━━━ EXTRACTED ENTRIES

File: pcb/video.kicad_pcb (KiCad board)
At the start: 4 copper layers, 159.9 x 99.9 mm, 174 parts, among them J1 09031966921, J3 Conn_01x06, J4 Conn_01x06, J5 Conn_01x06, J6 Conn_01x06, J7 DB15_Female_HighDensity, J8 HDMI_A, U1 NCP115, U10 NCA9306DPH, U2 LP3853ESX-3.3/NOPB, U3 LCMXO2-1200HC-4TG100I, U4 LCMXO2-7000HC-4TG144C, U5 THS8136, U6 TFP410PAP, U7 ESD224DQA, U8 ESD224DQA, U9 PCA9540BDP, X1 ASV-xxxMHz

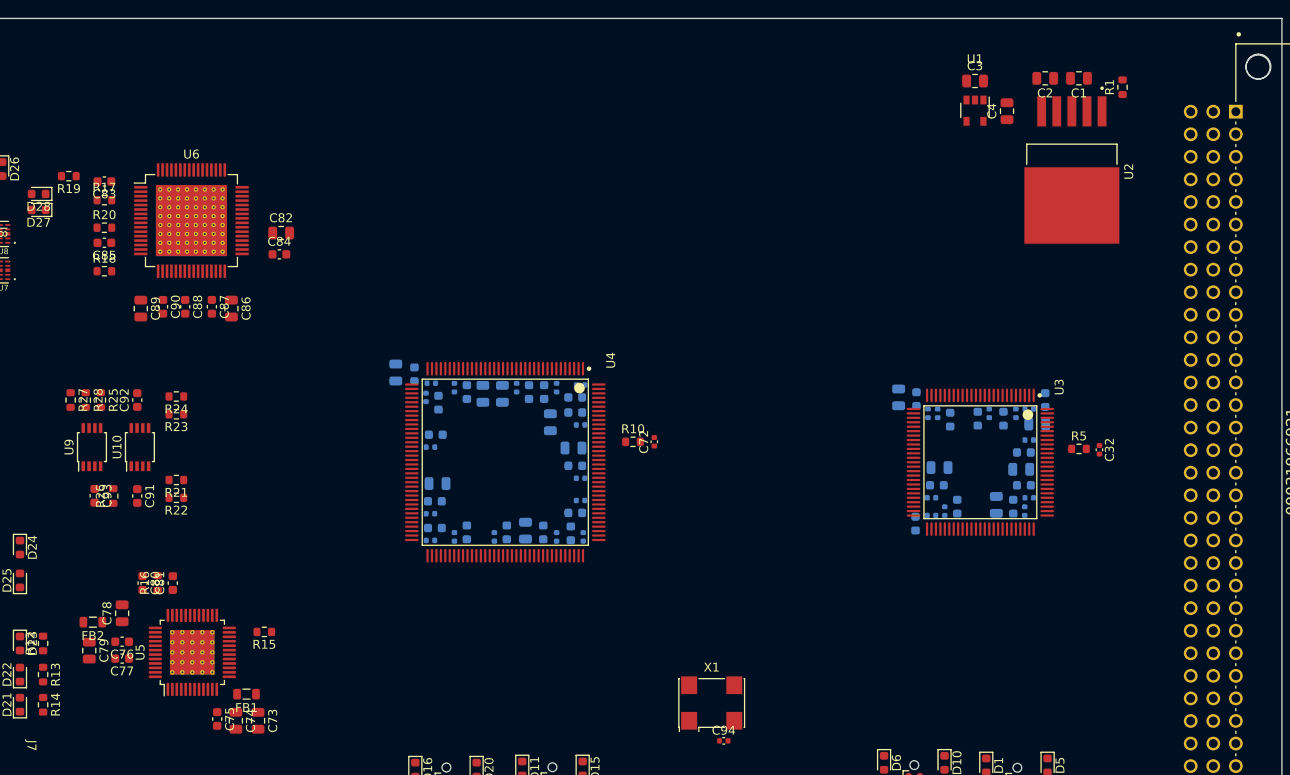
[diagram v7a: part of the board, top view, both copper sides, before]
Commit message: add traces from bus to bus controller
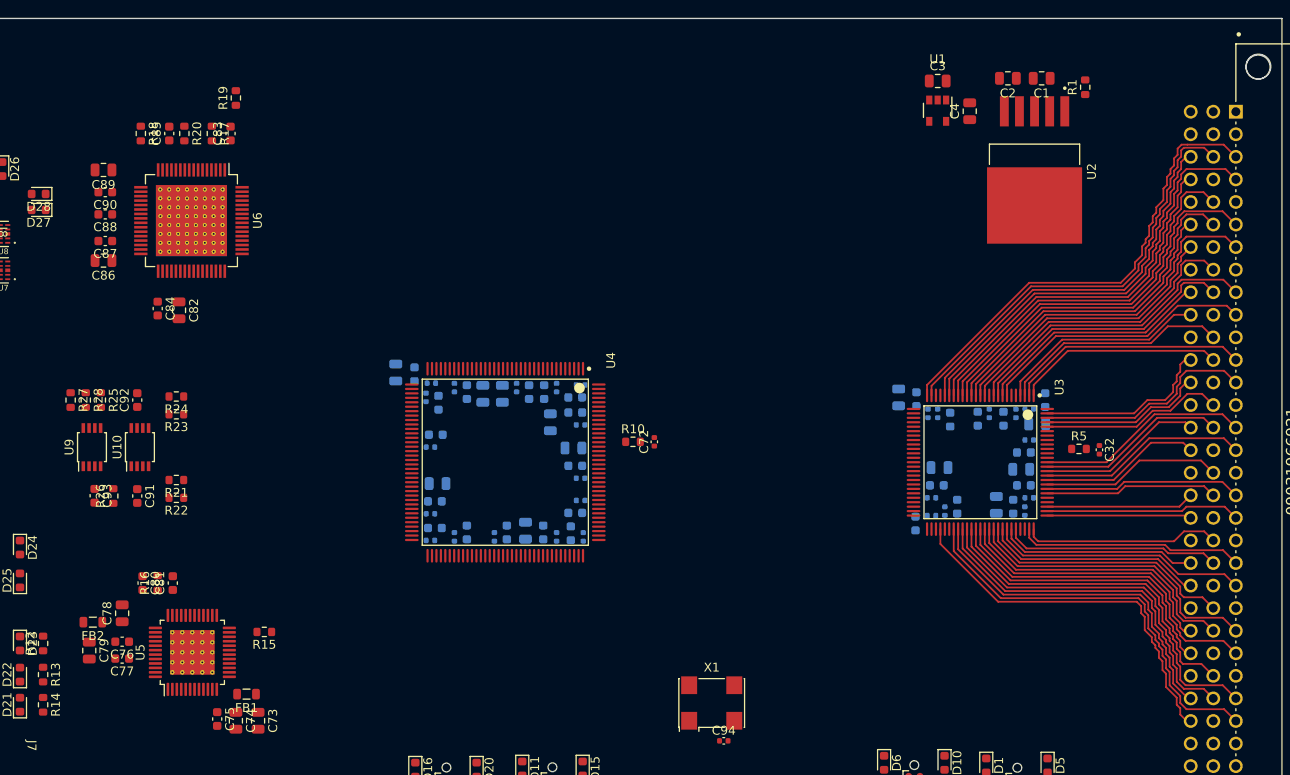
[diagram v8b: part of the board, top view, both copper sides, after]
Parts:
- moved R19 20.8 mm to (97.2, 54.0), turned to 90 degrees
- moved C89 16.2 mm to (82.3, 62.1), turned to 180 degrees
- moved R18 16.0 mm to (86.5, 58.0), turned to -90 degrees
- moved C86 15.4 mm to (82.3, 72.3), turned to 180 degrees
- moved C83 15.2 mm to (96.6, 58.0), turned to 90 degrees
- moved C84 15.0 mm to (88.4, 77.7), turned to -90 degrees
- moved C90 14.4 mm to (82.5, 64.6), turned to 180 degrees
- moved C82 14.4 mm to (90.8, 77.9), turned to -90 degrees
- moved C85 14.3 mm to (89.7, 58.0), turned to 90 degrees
- moved R17 14.2 mm to (94.5, 58.0), turned to -90 degrees
- moved C87 14.1 mm to (82.5, 70.1), turned to 180 degrees
- moved R20 13.9 mm to (91.4, 58.0), turned to -90 degrees
- moved C88 13.8 mm to (82.5, 67.1), turned to 180 degrees
- moved C1 4.20 mm to (187.9, 51.8)
- moved C2 4.20 mm to (184.1, 51.8)
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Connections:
- U3 pad 1: unconnected-(U3D-PL2C/L_GPLLT_IN) -> CONN_19
- U3 pad 10: unconnected-(U3D-PL4B) -> CONN_12
- U3 pad 12: unconnected-(U3D-PL5A/PCLKT3_1) -> CONN_11
- U3 pad 13: unconnected-(U3D-PL5B/PCLKC3_1) -> CONN_10
- U3 pad 14: unconnected-(U3D-PL5C) -> CONN_9
- U3 pad 15: unconnected-(U3D-PL5D) -> CONN_8
- U3 pad 16: unconnected-(U3D-PL8A) -> CONN_7
- U3 pad 17: unconnected-(U3D-PL8B) -> CONN_6
- U3 pad 18: unconnected-(U3D-PL8C) -> CONN_5
- U3 pad 19: unconnected-(U3D-PL8D) -> CONN_4
- U3 pad 2: unconnected-(U3D-PL2D/L_GPLLC_IN) -> CONN_18
- U3 pad 20: unconnected-(U3D-PL9A/PCLKT3_0) -> CONN_3
- U3 pad 21: unconnected-(U3D-PL9B/PCLKC3_0) -> CONN_2
- U3 pad 24: unconnected-(U3D-PL10C) -> CONN_1
- U3 pad 25: unconnected-(U3D-PL10D) -> CONN_0
- U3 pad 3: unconnected-(U3D-PL3A/PCLKT3_2) -> CONN_17
- U3 pad 4: unconnected-(U3D-PL3B/PCLKC3_2) -> CONN_16
- U3 pad 54: unconnected-(U3B-PR9C/(DQ1)) -> CONN_52
- U3 pad 57: unconnected-(U3B-PR9B/(DQ1)) -> CONN_51
- U3 pad 58: unconnected-(U3B-PR9A/(DQ1)) -> CONN_50
- U3 pad 59: unconnected-(U3B-PR8D/(DQ1)) -> CONN_49
- U3 pad 60: unconnected-(U3B-PR8C/(DQ1)) -> CONN_48
- U3 pad 61: unconnected-(U3B-PR8A/(DQS1)) -> CONN_47
- U3 pad 62: unconnected-(U3B-PR5D/PCLKC1_0/(DQ0)) -> CONN_46
- U3 pad 63: unconnected-(U3B-PR5C/PCLKT1_0/(DQ0)) -> CONN_45
- U3 pad 64: unconnected-(U3B-PR5B/(DQS0N)) -> CONN_44
- U3 pad 65: unconnected-(U3B-PR5A/(DQS0)) -> CONN_43
- U3 pad 66: unconnected-(U3B-PR4D/(DQ0)) -> CONN_42
- U3 pad 67: unconnected-(U3B-PR4C/(DQ0)) -> CONN_41
- U3 pad 68: unconnected-(U3B-PR4B/(DQ0)) -> CONN_40
- U3 pad 69: unconnected-(U3B-PR4A/(DQ0)) -> CONN_39
- U3 pad 7: unconnected-(U3D-PL3C) -> CONN_15
- U3 pad 70: unconnected-(U3B-PR3B/(DQ0)) -> CONN_38
- U3 pad 71: unconnected-(U3B-PR3A/(DQ0)) -> CONN_37
- U3 pad 74: unconnected-(U3B-PR2B/(DQ0)) -> CONN_36
- U3 pad 75: unconnected-(U3B-PR2A/(DQ0)) -> CONN_35
- U3 pad 76: unconnected-(U3A-PT17D/DONE) -> CONN_34
- U3 pad 77: unconnected-(U3A-PT17C/INITN) -> CONN_33
- U3 pad 78: unconnected-(U3A-PT16C) -> CONN_32
- U3 pad 8: unconnected-(U3D-PL3D) -> CONN_14
- U3 pad 81: unconnected-(U3A-PT15D/PROGRAMN) -> CONN_31
- U3 pad 82: unconnected-(U3A-PT15C/JTAGENB) -> CONN_30
- U3 pad 83: unconnected-(U3A-PT15B) -> CONN_29
- U3 pad 84: unconnected-(U3A-PT15A) -> CONN_28
- U3 pad 85: unconnected-(U3A-PT12D/SDA/PCLKC0_0) -> CONN_27
- U3 pad 86: unconnected-(U3A-PT12C/SCL/PCLKT0_0) -> CONN_26
- U3 pad 87: unconnected-(U3A-PT12B/PCLKC0_1) -> CONN_25
- U3 pad 88: unconnected-(U3A-PT12A/PCLKT0_1) -> CONN_24
- U3 pad 9: unconnected-(U3D-PL4A) -> CONN_13
- U3 pad 96: unconnected-(U3A-PT10B) -> CONN_23
- U3 pad 97: unconnected-(U3A-PT10A) -> CONN_22
- U3 pad 98: unconnected-(U3A-PT9B) -> CONN_21
- U3 pad 99: unconnected-(U3A-PT9A) -> CONN_20
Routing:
- net CONN_0: track 0.00 -> 52.8 mm
- net CONN_1: track 0.00 -> 49.4 mm
- net CONN_3: track 0.00 -> 48.6 mm
- net CONN_51: track 0.00 -> 46.3 mm
- net CONN_2: track 0.00 -> 44.6 mm
- net CONN_6: track 0.00 -> 43.5 mm
- net CONN_48: track 0.00 -> 43.1 mm
- net CONN_5: track 0.00 -> 43.0 mm
- net CONN_52: track 0.00 -> 42.7 mm
- net CONN_4: track 0.00 -> 41.7 mm
- net CONN_49: track 0.00 -> 41.1 mm
- net CONN_7: track 0.00 -> 40.1 mm
- net CONN_9: track 0.00 -> 39.8 mm
- net CONN_50: track 0.00 -> 39.1 mm
- net CONN_47: track 0.00 -> 38.0 mm

━━━━━━

◆ **TASK PROMPT**
Find every line in the records above that holds the word "copper", and copy each one.

◆ **EXERCISE RESPONSE**
At the start: 4 copper layers, 159.9 x 99.9 mm, 174 parts, among them J1 09031966921, J3 Conn_01x06, J4 Conn_01x06, J5 Conn_01x06, J6 Conn_01x06, J7 DB15_Female_HighDensity, J8 HDMI_A, U1 NCP115, U10 NCA9306DPH, U2 LP3853ESX-3.3/NOPB, U3 LCMXO2-1200HC-4TG100I, U4 LCMXO2-7000HC-4TG144C, U5 THS8136, U6 TFP410PAP, U7 ESD224DQA, U8 ESD224DQA, U9 PCA9540BDP, X1 ASV-xxxMHz
[diagram v7a: part of the board, top view, both copper sides, before]
[diagram v8b: part of the board, top view, both copper sides, after]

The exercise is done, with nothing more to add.